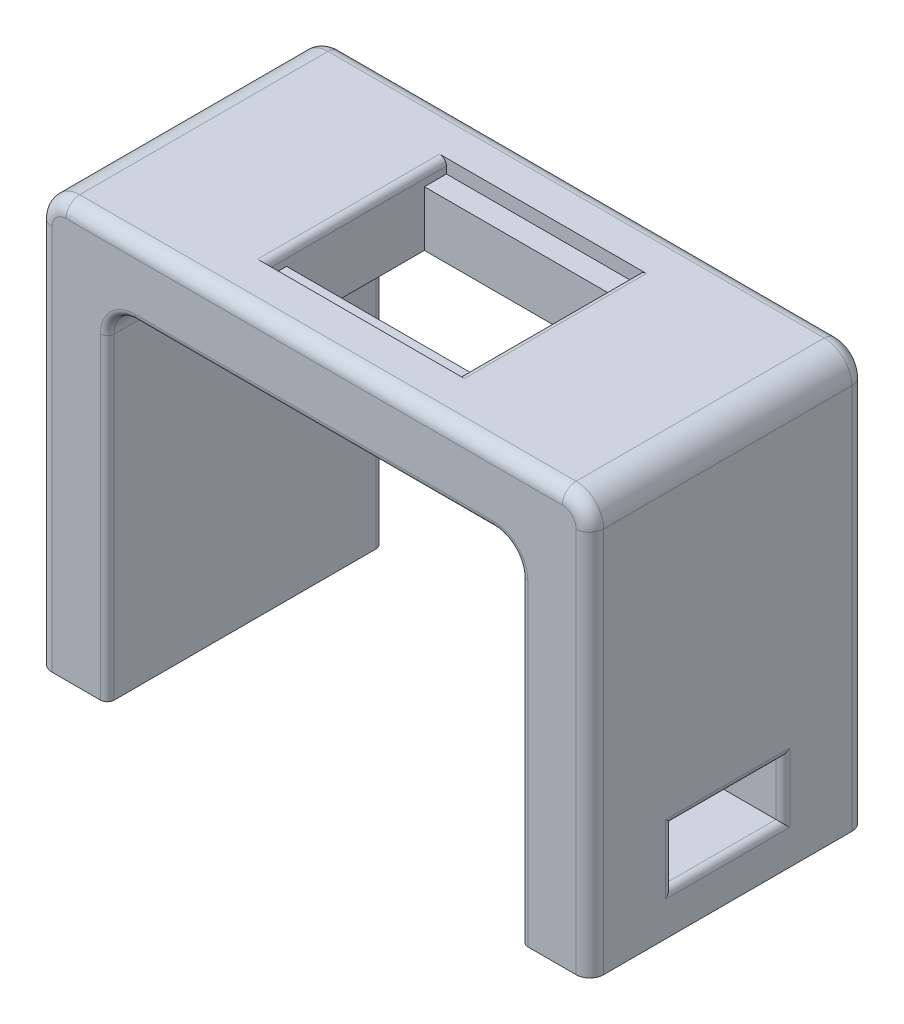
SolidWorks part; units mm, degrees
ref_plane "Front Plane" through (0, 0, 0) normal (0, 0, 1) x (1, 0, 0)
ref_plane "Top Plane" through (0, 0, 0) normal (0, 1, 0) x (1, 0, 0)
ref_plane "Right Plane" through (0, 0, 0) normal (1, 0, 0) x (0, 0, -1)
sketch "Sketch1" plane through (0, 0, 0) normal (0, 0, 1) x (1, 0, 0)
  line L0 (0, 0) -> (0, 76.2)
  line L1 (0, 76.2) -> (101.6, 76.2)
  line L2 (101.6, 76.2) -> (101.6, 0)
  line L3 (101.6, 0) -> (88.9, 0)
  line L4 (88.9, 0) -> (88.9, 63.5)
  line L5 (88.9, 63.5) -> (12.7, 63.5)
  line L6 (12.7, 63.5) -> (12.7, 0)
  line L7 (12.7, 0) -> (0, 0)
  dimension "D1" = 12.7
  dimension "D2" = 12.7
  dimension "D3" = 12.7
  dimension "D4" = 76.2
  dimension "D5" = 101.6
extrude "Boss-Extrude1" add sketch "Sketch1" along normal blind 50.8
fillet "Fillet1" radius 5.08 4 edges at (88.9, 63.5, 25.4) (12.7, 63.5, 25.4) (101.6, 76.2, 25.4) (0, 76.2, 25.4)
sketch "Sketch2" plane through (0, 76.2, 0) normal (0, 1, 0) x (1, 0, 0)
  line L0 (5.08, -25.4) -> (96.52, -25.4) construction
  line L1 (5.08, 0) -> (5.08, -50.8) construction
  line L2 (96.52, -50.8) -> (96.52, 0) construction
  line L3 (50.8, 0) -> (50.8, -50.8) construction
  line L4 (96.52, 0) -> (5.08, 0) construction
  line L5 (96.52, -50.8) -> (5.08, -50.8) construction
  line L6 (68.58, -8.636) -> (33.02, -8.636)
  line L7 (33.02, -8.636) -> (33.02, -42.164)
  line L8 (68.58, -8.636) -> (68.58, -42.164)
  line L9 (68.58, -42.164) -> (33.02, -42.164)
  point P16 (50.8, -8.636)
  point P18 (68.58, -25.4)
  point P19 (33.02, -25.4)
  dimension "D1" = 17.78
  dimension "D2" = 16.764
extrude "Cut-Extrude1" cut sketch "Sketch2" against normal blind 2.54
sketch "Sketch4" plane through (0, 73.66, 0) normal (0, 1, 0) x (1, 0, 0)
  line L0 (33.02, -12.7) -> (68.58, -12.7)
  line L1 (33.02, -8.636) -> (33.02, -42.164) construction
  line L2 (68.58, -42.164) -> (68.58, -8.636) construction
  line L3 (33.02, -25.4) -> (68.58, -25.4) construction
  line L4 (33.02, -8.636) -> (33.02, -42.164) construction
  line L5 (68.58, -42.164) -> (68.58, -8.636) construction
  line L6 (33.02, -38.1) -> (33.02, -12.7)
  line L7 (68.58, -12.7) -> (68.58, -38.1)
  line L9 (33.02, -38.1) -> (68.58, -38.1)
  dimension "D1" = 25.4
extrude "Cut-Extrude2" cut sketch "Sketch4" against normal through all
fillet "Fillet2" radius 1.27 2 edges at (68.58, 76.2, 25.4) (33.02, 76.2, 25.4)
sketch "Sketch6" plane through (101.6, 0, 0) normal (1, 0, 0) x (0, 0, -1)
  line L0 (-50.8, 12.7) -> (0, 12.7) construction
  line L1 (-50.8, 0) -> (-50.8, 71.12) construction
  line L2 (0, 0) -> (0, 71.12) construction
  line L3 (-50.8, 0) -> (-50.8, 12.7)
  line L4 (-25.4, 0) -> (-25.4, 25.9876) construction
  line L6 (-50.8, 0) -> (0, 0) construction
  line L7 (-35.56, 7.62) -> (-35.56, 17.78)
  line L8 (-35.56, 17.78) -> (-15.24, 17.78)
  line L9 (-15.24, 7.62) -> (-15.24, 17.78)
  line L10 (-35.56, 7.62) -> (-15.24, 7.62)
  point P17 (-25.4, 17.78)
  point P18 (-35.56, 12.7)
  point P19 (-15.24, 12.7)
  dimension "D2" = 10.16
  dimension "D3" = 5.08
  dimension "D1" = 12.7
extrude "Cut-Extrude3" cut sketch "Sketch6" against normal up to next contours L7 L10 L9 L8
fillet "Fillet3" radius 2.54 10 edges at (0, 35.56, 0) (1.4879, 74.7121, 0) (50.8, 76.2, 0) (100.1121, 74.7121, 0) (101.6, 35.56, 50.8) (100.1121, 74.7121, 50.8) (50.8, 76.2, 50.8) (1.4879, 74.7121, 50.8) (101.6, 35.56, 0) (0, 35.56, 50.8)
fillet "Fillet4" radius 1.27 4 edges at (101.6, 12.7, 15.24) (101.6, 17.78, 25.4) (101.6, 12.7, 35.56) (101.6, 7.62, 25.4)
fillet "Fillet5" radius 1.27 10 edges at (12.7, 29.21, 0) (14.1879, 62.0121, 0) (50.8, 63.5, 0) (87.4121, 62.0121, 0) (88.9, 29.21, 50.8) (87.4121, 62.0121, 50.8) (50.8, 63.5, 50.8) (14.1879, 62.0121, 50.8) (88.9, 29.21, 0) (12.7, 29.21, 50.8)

================

Exercise details: Your output must be the exact lines from the one containing "line L1 (-50.8, 0)" through the end of the data above, both included, and nothing more.

Answer to the problem:
  line L1 (-50.8, 0) -> (-50.8, 71.12) construction
  line L2 (0, 0) -> (0, 71.12) construction
  line L3 (-50.8, 0) -> (-50.8, 12.7)
  line L4 (-25.4, 0) -> (-25.4, 25.9876) construction
  line L6 (-50.8, 0) -> (0, 0) construction
  line L7 (-35.56, 7.62) -> (-35.56, 17.78)
  line L8 (-35.56, 17.78) -> (-15.24, 17.78)
  line L9 (-15.24, 7.62) -> (-15.24, 17.78)
  line L10 (-35.56, 7.62) -> (-15.24, 7.62)
  point P17 (-25.4, 17.78)
  point P18 (-35.56, 12.7)
  point P19 (-15.24, 12.7)
  dimension "D2" = 10.16
  dimension "D3" = 5.08
  dimension "D1" = 12.7
extrude "Cut-Extrude3" cut sketch "Sketch6" against normal up to next contours L7 L10 L9 L8
fillet "Fillet3" radius 2.54 10 edges at (0, 35.56, 0) (1.4879, 74.7121, 0) (50.8, 76.2, 0) (100.1121, 74.7121, 0) (101.6, 35.56, 50.8) (100.1121, 74.7121, 50.8) (50.8, 76.2, 50.8) (1.4879, 74.7121, 50.8) (101.6, 35.56, 0) (0, 35.56, 50.8)
fillet "Fillet4" radius 1.27 4 edges at (101.6, 12.7, 15.24) (101.6, 17.78, 25.4) (101.6, 12.7, 35.56) (101.6, 7.62, 25.4)
fillet "Fillet5" radius 1.27 10 edges at (12.7, 29.21, 0) (14.1879, 62.0121, 0) (50.8, 63.5, 0) (87.4121, 62.0121, 0) (88.9, 29.21, 50.8) (87.4121, 62.0121, 50.8) (50.8, 63.5, 50.8) (14.1879, 62.0121, 50.8) (88.9, 29.21, 0) (12.7, 29.21, 50.8)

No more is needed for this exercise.